Significant for Bose's creativity in general, and Slaughterhouse 5 in particular, is the treatment of temporal complexity. The linear understanding of time is replaced by simultaneity, zeitspastischen analogous to the understanding of the protagonist Billy Pilgrim. Bose also permits the findings from the chaos theory, neurobiology and astrophysics polymorphic in his understanding of time are introduced, through the music out into the structuring of the libretto were implemented. Sergei Eisenstein established form of the film will be cut here – even composition – used so that different levels of "fast and hard against geschnitten" can be used in compositional layering and continued interweaving.

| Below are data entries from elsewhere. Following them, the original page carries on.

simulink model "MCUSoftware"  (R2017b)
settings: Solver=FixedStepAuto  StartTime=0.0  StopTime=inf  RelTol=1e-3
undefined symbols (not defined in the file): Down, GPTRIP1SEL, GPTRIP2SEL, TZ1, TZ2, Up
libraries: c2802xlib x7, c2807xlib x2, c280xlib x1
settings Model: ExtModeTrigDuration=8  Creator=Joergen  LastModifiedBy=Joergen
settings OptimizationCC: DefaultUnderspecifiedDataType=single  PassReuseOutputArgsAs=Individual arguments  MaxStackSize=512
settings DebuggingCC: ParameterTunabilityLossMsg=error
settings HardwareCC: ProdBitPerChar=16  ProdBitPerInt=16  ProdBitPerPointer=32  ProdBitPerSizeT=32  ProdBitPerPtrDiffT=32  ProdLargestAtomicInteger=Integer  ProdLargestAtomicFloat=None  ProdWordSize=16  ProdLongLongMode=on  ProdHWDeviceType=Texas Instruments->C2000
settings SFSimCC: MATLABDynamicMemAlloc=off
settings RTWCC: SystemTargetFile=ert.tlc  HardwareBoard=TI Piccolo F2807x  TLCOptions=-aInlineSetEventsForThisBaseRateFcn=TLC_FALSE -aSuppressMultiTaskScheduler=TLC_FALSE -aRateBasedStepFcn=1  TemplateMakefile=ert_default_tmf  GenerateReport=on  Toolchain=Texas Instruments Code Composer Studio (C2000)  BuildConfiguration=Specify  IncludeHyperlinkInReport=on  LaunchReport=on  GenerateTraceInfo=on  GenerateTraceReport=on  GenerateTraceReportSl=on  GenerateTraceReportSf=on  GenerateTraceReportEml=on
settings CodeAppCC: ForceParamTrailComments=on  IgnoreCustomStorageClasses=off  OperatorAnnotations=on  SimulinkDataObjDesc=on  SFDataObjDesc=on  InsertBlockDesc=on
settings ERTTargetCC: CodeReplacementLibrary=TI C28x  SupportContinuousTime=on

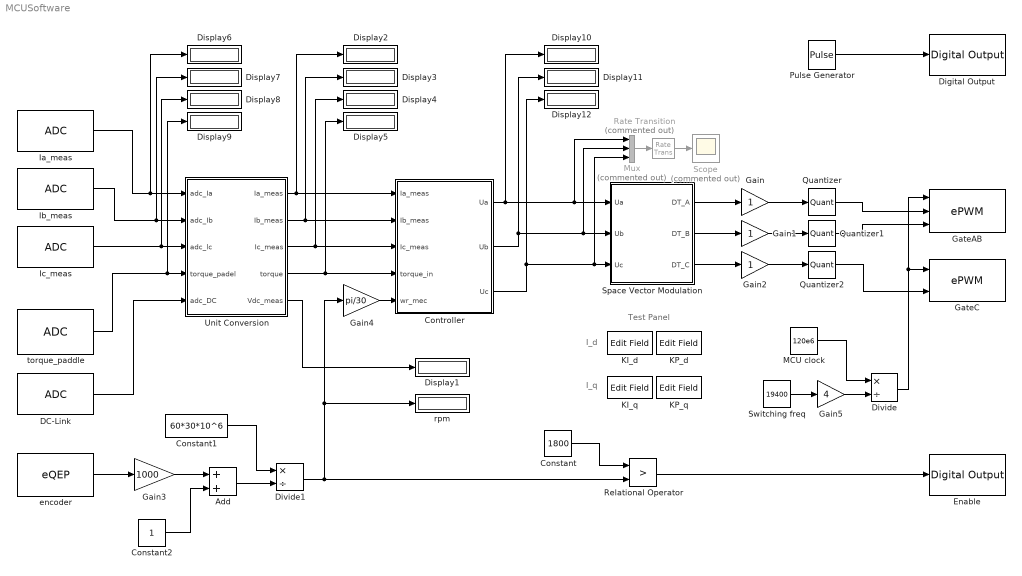
== system MCUSoftware ==
  note: I_d
  note: I_q
  note: Test Panel
  Add : Sum
  Constant : Constant  Value=1800
  Constant1 : Constant  Value=60*30*10^6
  Constant2 : Constant
  "Controller " : Subsystem
  DC-Link : c2802xlib/ADC  ADCModule=D  samplingMode=Single sample mode  ADCResolution=12-bit (Single-ended input)  useSOC1=SOC1  useSOC2=SOC0_SOC1  SOCAcquisitionWindow=12  SOCTriggerSource=ePWM1_ADCSOCA  SOCInterruptTrigger=No ADCINT  Ts=0.00001  dType=uint16  postInterrupt=off  interruptSel=ADCINT1  ADCINTContinuous=on  endma=off  chdma=1  blkParamProc=C2000_Type4  conv1=ADCINA0  conv2=ADCINA0 and ADCINB0  conv1_Type4=ADCIN1  conv2_Type4=ADCIN0 and ADCIN1
      settings: SourceProductName=Embedded Coder Support Package for Texas Instruments C2000 Processors
  Digital Output : c2807xlib/Digital Output  GPIO_Number=GPIO24~GPIO31  GPIO_Bit0=off  GPIO_BIT0_Toggle=off  GPIO_Bit1=off  GPIO_BIT1_Toggle=off  GPIO_Bit2=off  GPIO_BIT2_Toggle=off  GPIO_Bit3=off  GPIO_BIT3_Toggle=off  GPIO_Bit4=off  GPIO_BIT4_Toggle=off  GPIO_Bit5=off  GPIO_BIT5_Toggle=off  GPIO_Bit6=off  GPIO_BIT6_Toggle=on  GPIO_Bit7=on  GPIO_BIT7_Toggle=off
      settings: SourceProductName=Embedded Coder Support Package for Texas Instruments C2000 Processors  SourceProductBaseCode=TIC2000
  Display{1..12} (12 alike) : Display
  Divide : Product  Inputs=*/
  Divide1 : Product  Inputs=*/
  Enable : c2807xlib/Digital Output  GPIO_Number=GPIO8~GPIO15  GPIO_Bit0=off  GPIO_BIT0_Toggle=off  GPIO_Bit1=off  GPIO_BIT1_Toggle=off  GPIO_Bit2=off  GPIO_BIT2_Toggle=off  GPIO_Bit3=off  GPIO_BIT3_Toggle=off  GPIO_Bit4=off  GPIO_BIT4_Toggle=off  GPIO_Bit5=on  GPIO_BIT5_Toggle=off  GPIO_Bit6=off  GPIO_BIT6_Toggle=on  GPIO_Bit7=off  GPIO_BIT7_Toggle=off
      settings: SourceProductName=Embedded Coder Support Package for Texas Instruments C2000 Processors  SourceProductBaseCode=TIC2000
  Gain : Gain
  Gain1 : Gain
  Gain2 : Gain
  Gain3 : Gain  Gain=1000
  Gain4 : Gain  Gain=pi/30
  Gain5 : Gain  Gain=4
  "GateAB " : c2802xlib/ePWM  useModule=ePWM1  ePWMxLINKTBPRD=Not Linked  periodUnits=Clock cycles  timerSource=Input port  timerPeriod_clk=64000  timerPeriod_sec=0.0001  tbshadow=Counter equals to zero  countingMode=Up-Down  phaseActiveEnable=Disable  phaseDirection=Count down after sync  phaseActive=0  synchronizationEnable=off  dcaevt1Sync=off  dcbevt1Sync=off  synchronizationOption=Disable  clockPrescale=1  HSclockPrescale=1  enswap=off  ePWMxAStatus=on  ePWMxAactionLogic1=Set  ePWMxAactionLogic2=Clear  ePWMxAactionLogic3=Clear  ePWMxAactionLogic4=Set  ePWMxAactionLogic5=Do nothing  ePWMxAactionLogic6=Do nothing  ePWMxALoadMode=Load on counter equals to zero (CTR=Zero)  ePWMxACSFenable=off  ePWMxACSFvalue=Forcing disable  ePWMxASFreload=Zero  ePWMxBStatus=on  ePWMxBactionLogic1=Set  ePWMxBactionLogic2=Clear  ePWMxBactionLogic3=Do nothing  ePWMxBactionLogic4=Do nothing  ePWMxBactionLogic5=Clear  ePWMxBactionLogic6=Set  ePWMxBLoadMode=Load on counter equals to zero (CTR=Zero)  ePWMxBCSFenable=off  ePWMxBCSFvalue=Forcing disable  ePWMxBSFreload=Zero  ePWNxBOutWay=off  ePWMxLINKCMPA=Not Linked  CMPAUnits=Percentages  CMPASource=Input port  CMPAValue_per=50  CMPAValue_clk=0  enCMPAshadow=Counter equals to zero  ePWMxLINKCMPB=Not Linked  CMPBUnits=Percentages  CMPBSource=Input port  CMPBValue_per=50  CMPBValue_clk=0  enCMPBshadow=Counter equals to zero  ePWMxLINKCMPC=Not Linked  CMPCUnits=Clock cycles  CMPCSource=Specify via dialog  CMPCValue_per=50  CMPCValue_clk=32000  enCMPCshadow=Counter equals to zero  ePWMxLINKCMPD=Not Linked  CMPDUnits=Clock cycles  CMPDSource=Specify via dialog  CMPDValue_per=50  CMPDValue_clk=32000  enCMPDshadow=Counter equals to zero  enableDBePWMxA=off  enableDBePWMxB=off  enhalfcycle=off  DBpolarity=Active high (AH)  DBedgeDelay=Positive  DBSource_ePWMxA=ePWMxA  DBSource_ePWMxB=ePWMxA  DBperiodSource=Specify via dialog  REDperiod=0  FEDperiod=0  adcstartModuleA=on  adcrequestEventA=First event  adcstartEventA=Digital Compare Module A Event 1 start of conversion (DCAEVT1.soc)  adcstartEventA_type2=Counter equals to period (CTR=PRD)  adcstartModuleB=off  adcrequestEventB=First event  adcstartEventB=Counter equals to zero (CTR=Zero)  adcstartEventB_type2=Counter equals to zero (CTR=Zero)  intEn=off  intPrd=First event  intSel=Counter equals to zero (CTR=Zero)  intSel_type2=Counter equals to zero (CTR=Zero)  hrpe=off  enHRPWM=off  HRPWM_LoadMode=Counter equals to period (CTR=PRD)  HRPWM_CTLMode=Duty or Period control mode  HRPWM_EDGMode=Both edge  hrpeb=off  enHRPWMB=off  HRPWM_LoadModeB=Counter equals to zero (CTR=ZERO)  HRPWM_CTLModeB=Duty or Period control mode  HRPWM_EDGModeB=Both edge  enSFO=on  enautoconv=on  chopperEnable=off  chopperFrequency=1  chopperFirstwidth=1  chopperDuty=12.5%  tripZonesource=Specify via dialog  tzselOSHT1=off  tzselOSHT2=off  tzselOSHT3=off  tzselOSHDCAEV1=off  tzselOSHDCBEV1=off  tzselCBC1=off  tzselCBC2=off  tzselCBC3=off  tzselCBCDCAEV2=off  tzselCBCDCBEV2=off  tzselOSHT4=off  tzselOSHT5=off  tzselOSHT6=off  tzselCBC4=off  tzselCBC5=off  tzselCBC6=off  enTzOstIntr=off  enTzCbcIntr=off  enTzDCAEVT1Intr=off  enTzDCAEVT2Intr=off  enTzDCBEVT1Intr=off  enTzDCBEVT2Intr=off  ePWMxAforced=No action  ePWMxBforced=No action  DCAEVT1forced=No action  DCBEVT1forced=No action  DCAEVT2forced=No action  DCBEVT2forced=No action  dcah=Trip Zone 1 input (TZ1)  dcal=Trip Zone 2 input (TZ2)  dcbh=Trip Zone 1 input (TZ1)  dcbl=Trip Zone 2 input (TZ2)  dcah_type2=GPTRIP1SEL/(TZ1)  dcal_type2=GPTRIP2SEL/(TZ2)  dcbh_type2=GPTRIP1SEL/(TZ1)  dcbl_type2=GPTRIP2SEL/(TZ2)  gendcaevt1=Event disabled  gendcaevt2=Event disabled  gendcbevt1=Event disabled  gendcbevt2=Event disabled  dcaevt1src=DCAEVT1 with sync  dcaevt2src=DCAEVT2 with sync  dcbevt1src=DCBEVT1 with sync  dcbevt2src=DCBEVT2 with sync  pulsesel=Counter equals to zero (CTR=Zero)  blankinv=off  blankoffset=0  blankwidth=0  evsrcsel=Filtered version of DCAEVT1 (DCAEVT1FILT)  encape=off  PwmType=C2000_Type4
      settings: SourceProductName=Embedded Coder Support Package for Texas Instruments C2000 Processors
  GateC : c2802xlib/ePWM  useModule=ePWM2  ePWMxLINKTBPRD=Not Linked  periodUnits=Clock cycles  timerSource=Input port  timerPeriod_clk=64000  timerPeriod_sec=0.0001  tbshadow=Counter equals to zero  countingMode=Up-Down  phaseActiveEnable=Disable  phaseDirection=Count down after sync  phaseActive=0  synchronizationEnable=off  dcaevt1Sync=off  dcbevt1Sync=off  synchronizationOption=Disable  clockPrescale=1  HSclockPrescale=1  enswap=off  ePWMxAStatus=on  ePWMxAactionLogic1=Set  ePWMxAactionLogic2=Clear  ePWMxAactionLogic3=Clear  ePWMxAactionLogic4=Set  ePWMxAactionLogic5=Do nothing  ePWMxAactionLogic6=Do nothing  ePWMxALoadMode=Load on counter equals to zero (CTR=Zero)  ePWMxACSFenable=off  ePWMxACSFvalue=Forcing disable  ePWMxASFreload=Zero  ePWMxBStatus=off  ePWMxBactionLogic1=Set  ePWMxBactionLogic2=Clear  ePWMxBactionLogic3=Do nothing  ePWMxBactionLogic4=Do nothing  ePWMxBactionLogic5=Clear  ePWMxBactionLogic6=Set  ePWMxBLoadMode=Load on counter equals to zero (CTR=Zero)  ePWMxBCSFenable=off  ePWMxBCSFvalue=Forcing disable  ePWMxBSFreload=Zero  ePWNxBOutWay=off  ePWMxLINKCMPA=Not Linked  CMPAUnits=Percentages  CMPASource=Input port  CMPAValue_per=50  CMPAValue_clk=0  enCMPAshadow=Counter equals to zero  ePWMxLINKCMPB=Not Linked  CMPBUnits=Clock cycles  CMPBSource=Specify via dialog  CMPBValue_per=50  CMPBValue_clk=32000  enCMPBshadow=Counter equals to zero  ePWMxLINKCMPC=Not Linked  CMPCUnits=Clock cycles  CMPCSource=Specify via dialog  CMPCValue_per=50  CMPCValue_clk=32000  enCMPCshadow=Counter equals to zero  ePWMxLINKCMPD=Not Linked  CMPDUnits=Clock cycles  CMPDSource=Specify via dialog  CMPDValue_per=50  CMPDValue_clk=32000  enCMPDshadow=Counter equals to zero  enableDBePWMxA=off  enableDBePWMxB=off  enhalfcycle=off  DBpolarity=Active high (AH)  DBedgeDelay=Positive  DBSource_ePWMxA=ePWMxA  DBSource_ePWMxB=ePWMxA  DBperiodSource=Specify via dialog  REDperiod=0  FEDperiod=0  adcstartModuleA=off  adcrequestEventA=First event  adcstartEventA=Digital Compare Module A Event 1 start of conversion (DCAEVT1.soc)  adcstartEventA_type2=Digital Compare Module A Event 1 start of conversion (DCAEVT1.soc)  adcstartModuleB=off  adcrequestEventB=First event  adcstartEventB=Counter equals to zero (CTR=Zero)  adcstartEventB_type2=Counter equals to zero (CTR=Zero)  intEn=off  intPrd=First event  intSel=Counter equals to zero (CTR=Zero)  intSel_type2=Counter equals to zero (CTR=Zero)  hrpe=off  enHRPWM=off  HRPWM_LoadMode=Counter equals to period (CTR=PRD)  HRPWM_CTLMode=Duty or Period control mode  HRPWM_EDGMode=Both edge  hrpeb=off  enHRPWMB=off  HRPWM_LoadModeB=Counter equals to zero (CTR=ZERO)  HRPWM_CTLModeB=Duty or Period control mode  HRPWM_EDGModeB=Both edge  enSFO=on  enautoconv=on  chopperEnable=off  chopperFrequency=1  chopperFirstwidth=1  chopperDuty=12.5%  tripZonesource=Specify via dialog  tzselOSHT1=off  tzselOSHT2=off  tzselOSHT3=off  tzselOSHDCAEV1=off  tzselOSHDCBEV1=off  tzselCBC1=off  tzselCBC2=off  tzselCBC3=off  tzselCBCDCAEV2=off  tzselCBCDCBEV2=off  tzselOSHT4=off  tzselOSHT5=off  tzselOSHT6=off  tzselCBC4=off  tzselCBC5=off  tzselCBC6=off  enTzOstIntr=off  enTzCbcIntr=off  enTzDCAEVT1Intr=off  enTzDCAEVT2Intr=off  enTzDCBEVT1Intr=off  enTzDCBEVT2Intr=off  ePWMxAforced=No action  ePWMxBforced=No action  DCAEVT1forced=No action  DCBEVT1forced=No action  DCAEVT2forced=No action  DCBEVT2forced=No action  dcah=Trip Zone 1 input (TZ1)  dcal=Trip Zone 2 input (TZ2)  dcbh=Trip Zone 1 input (TZ1)  dcbl=Trip Zone 2 input (TZ2)  dcah_type2=GPTRIP1SEL/(TZ1)  dcal_type2=GPTRIP2SEL/(TZ2)  dcbh_type2=GPTRIP1SEL/(TZ1)  dcbl_type2=GPTRIP2SEL/(TZ2)  gendcaevt1=Event disabled  gendcaevt2=Event disabled  gendcbevt1=Event disabled  gendcbevt2=Event disabled  dcaevt1src=DCAEVT1 with sync  dcaevt2src=DCAEVT2 with sync  dcbevt1src=DCBEVT1 with sync  dcbevt2src=DCBEVT2 with sync  pulsesel=Counter equals to zero (CTR=Zero)  blankinv=off  blankoffset=0  blankwidth=0  evsrcsel=Filtered version of DCAEVT1 (DCAEVT1FILT)  encape=off  PwmType=C2000_Type4
      settings: SourceProductName=Embedded Coder Support Package for Texas Instruments C2000 Processors
  Ia_meas : c2802xlib/ADC  ADCModule=A  samplingMode=Single sample mode  ADCResolution=12-bit (Single-ended input)  useSOC1=SOC0  useSOC2=SOC0_SOC1  SOCAcquisitionWindow=12  SOCTriggerSource=ePWM1_ADCSOCA  SOCInterruptTrigger=No ADCINT  Ts=0.00001  dType=uint16  postInterrupt=off  interruptSel=ADCINT1  ADCINTContinuous=on  endma=off  chdma=1  blkParamProc=C2000_Type4  conv1=ADCINA0  conv2=ADCINA0 and ADCINB0  conv1_Type4=ADCIN0  conv2_Type4=ADCIN0 and ADCIN1
      settings: SourceProductName=Embedded Coder Support Package for Texas Instruments C2000 Processors
  "Ib_meas " : c2802xlib/ADC  ADCModule=B  samplingMode=Single sample mode  ADCResolution=12-bit (Single-ended input)  useSOC1=SOC0  useSOC2=SOC0_SOC1  SOCAcquisitionWindow=12  SOCTriggerSource=ePWM1_ADCSOCA  SOCInterruptTrigger=ADCINT1  Ts=0.00001  dType=uint16  postInterrupt=off  interruptSel=ADCINT1  ADCINTContinuous=on  endma=off  chdma=1  blkParamProc=C2000_Type4  conv1=ADCINA0  conv2=ADCINA0 and ADCINB0  conv1_Type4=ADCIN0  conv2_Type4=ADCIN0 and ADCIN1
      settings: SourceProductName=Embedded Coder Support Package for Texas Instruments C2000 Processors
  "Ic_meas " : c2802xlib/ADC  ADCModule=D  samplingMode=Single sample mode  ADCResolution=12-bit (Single-ended input)  useSOC1=SOC0  useSOC2=SOC0_SOC1  SOCAcquisitionWindow=12  SOCTriggerSource=ePWM1_ADCSOCA  SOCInterruptTrigger=ADCINT1  Ts=0.00001  dType=uint16  postInterrupt=off  interruptSel=ADCINT1  ADCINTContinuous=on  endma=off  chdma=1  blkParamProc=C2000_Type4  conv1=ADCINA0  conv2=ADCINA0 and ADCINB0  conv1_Type4=ADCIN0  conv2_Type4=ADCIN0 and ADCIN1
      settings: SourceProductName=Embedded Coder Support Package for Texas Instruments C2000 Processors
  KI_d : EditField  WebBlockId=101  ModelName=MCUSoftware  LabelPosition=Hide  ShowInitialText=off  Alignment=Center
  KI_q : EditField  WebBlockId=102  ModelName=MCUSoftware  LabelPosition=Hide  ShowInitialText=off  Alignment=Center
  KP_d : EditField  WebBlockId=103  ModelName=MCUSoftware  LabelPosition=Hide  ShowInitialText=off  Alignment=Center
  KP_q : EditField  WebBlockId=104  ModelName=MCUSoftware  LabelPosition=Hide  ShowInitialText=off  Alignment=Center
  MCU clock : Constant  Value=120e6
  Mux : Mux  Commented=on  Inputs=3
  Pulse Generator : DiscretePulseGenerator  PulseType=Time based  Period=0.5  PulseWidth=90
  Quantizer : Quantizer  QuantizationInterval=0.001
  Quantizer1 : Quantizer  QuantizationInterval=0.001
  Quantizer2 : Quantizer  QuantizationInterval=0.001
  Rate Transition : RateTransition  Commented=on
  Relational Operator : RelationalOperator  Operator=>  RndMeth=Simplest
  Scope : Scope  Commented=on
  Space Vector Modulation : Subsystem
  Switching freq : Constant  Value=19400
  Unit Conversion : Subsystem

The composer speaks in this context of a "time-palimpsest".

The opera was created as a work commissioned by the Bavarian State Opera and opened in 1996 the Munich Opera Festival (directed by Eike Gramss :de:Eike Gramss).

==Compositions==

=== Vocal music ===
- Three Songs for tenor and chamber orchestra (1977)
- Symphonic Fragment (Hölderlin) (1979/80)
- Guarda el canto (Miguel Ángel Bustos) – Four fragments in three movements for soprano and string quartet (1981)
- Sappho Songs for mezzo-soprano and chamber orchestra (1983)
- Sonnet XLII for baritone and string quartet (Shakespeare, 1985)
- Five nursery rhymes – from "Des Knaben Wunderhorn" for alto and five instruments (1985)
- ... Spoken in the Wind – spiritual music for solo soprano, two spokesmen (1985)
- Omega – Five Poems of Federico García Lorca for mezzo-soprano and piano (1986)
- Todesfuge – mixed choir with baritone solo and organ (1989)
- Love after Love – (D. Walcott) for soprano and orchestra (1990/91)
- The Trip to the Mountains – Franz Kafka, for counter-tenor and piano (2005)
- Kafka Cycle for countertenor and cello, dedicated to Aribert Reimann on his 70th birthday (2006)
- Lamento and Dithyrambus (I. Bachmann) for counter tenor, keyboard, piano and tubular bells, dedicated to Hans-Werner Henze on his 80th birthday (2006)
- Bernhard Cycle – three songs to poems by Thomas Bernhard, for soprano and piano (2006)
- Invocation Cycle for countertenor and organ (2008)

===Stage works===
- Blood (Ramon del Valle-Inclan) – opera in 1 act (1974)
- The Night of Lead – kinetic action in six pictures by Hans Henny Jahnn (1981)
- Chimera – music scene by Federico García Lorca (1986)
- The Sorrows of Young Werther – lyric scene in two parts and an interlude (1987/88)
- Werther scenes – ballet in two parts and an interlude (1988)
- 63: Dream Palace – opera based on novel by James Purdy (1989)
- Medea Fragment – music by Hans Henny Jahnn (1993)
- Slaughterhouse V – opera, libretto by the composer after Kurt Vonnegut (1995)
- K-project 12/14 – musical theater after Kafka's The Metamorphosis (2002)

===Instrumental music===
- Morphogenisis for large orchestra (1975)
- Travesty in a Sad Landscape – variations for chamber orchestra (1978)
- Music for a House Full Time for large chamber orchestra (1978)
- Idylls – for the centenary of the Berlin Symphony Orchestra (1982/83)
- Symbolum for organ and orchestra (1985)
- 1 Maze for large orchestra. (1987)
- Concertino per il HWH for chamber orchestra (1991)
- Maze II for piano (1992)

===Chamber music===
- String Quartet No. 1 (1973)
- String Quartet No. 2 (1976–1977)
- String Trio (1978)
- ... vom Wege abkommen for viola solo (1981–1982)
- String Quartet No. 3 (1986–1987)
- Three Epitaphs for brass sextet (1987)
- Music for Cello Solo– (2002)
- Music for K for violin, cello and piano (2002)
- String Trio (2006), commissioned by the Bavarian State Opera to 80. Geburtstag by Hans-Werner Henze

===Piano music===
- Three – small piano pieces (1982)
- Labyrinth II (1987)
- Origami, 2 episodes for piano 4-hands (1991)

==Publications==
- Search for a new ideal of beauty. In: E. Thomas, holiday courses '78. (= Darmstadt contributions to New Music 17)
- "Mit der Zeit springt gegen die Langeweile. Schlachthaus 5: Ein Plädoyer für die moderne Oper". In "Theater ist ein Traumort": Opern des 20. Jahrhunderts von Janáček bis Widmann, edited by Hanspeter Krellmann and Jürgen Schläder, 350–54. Berlin: Henschel, 2005. ISBN 3-89487-505-4.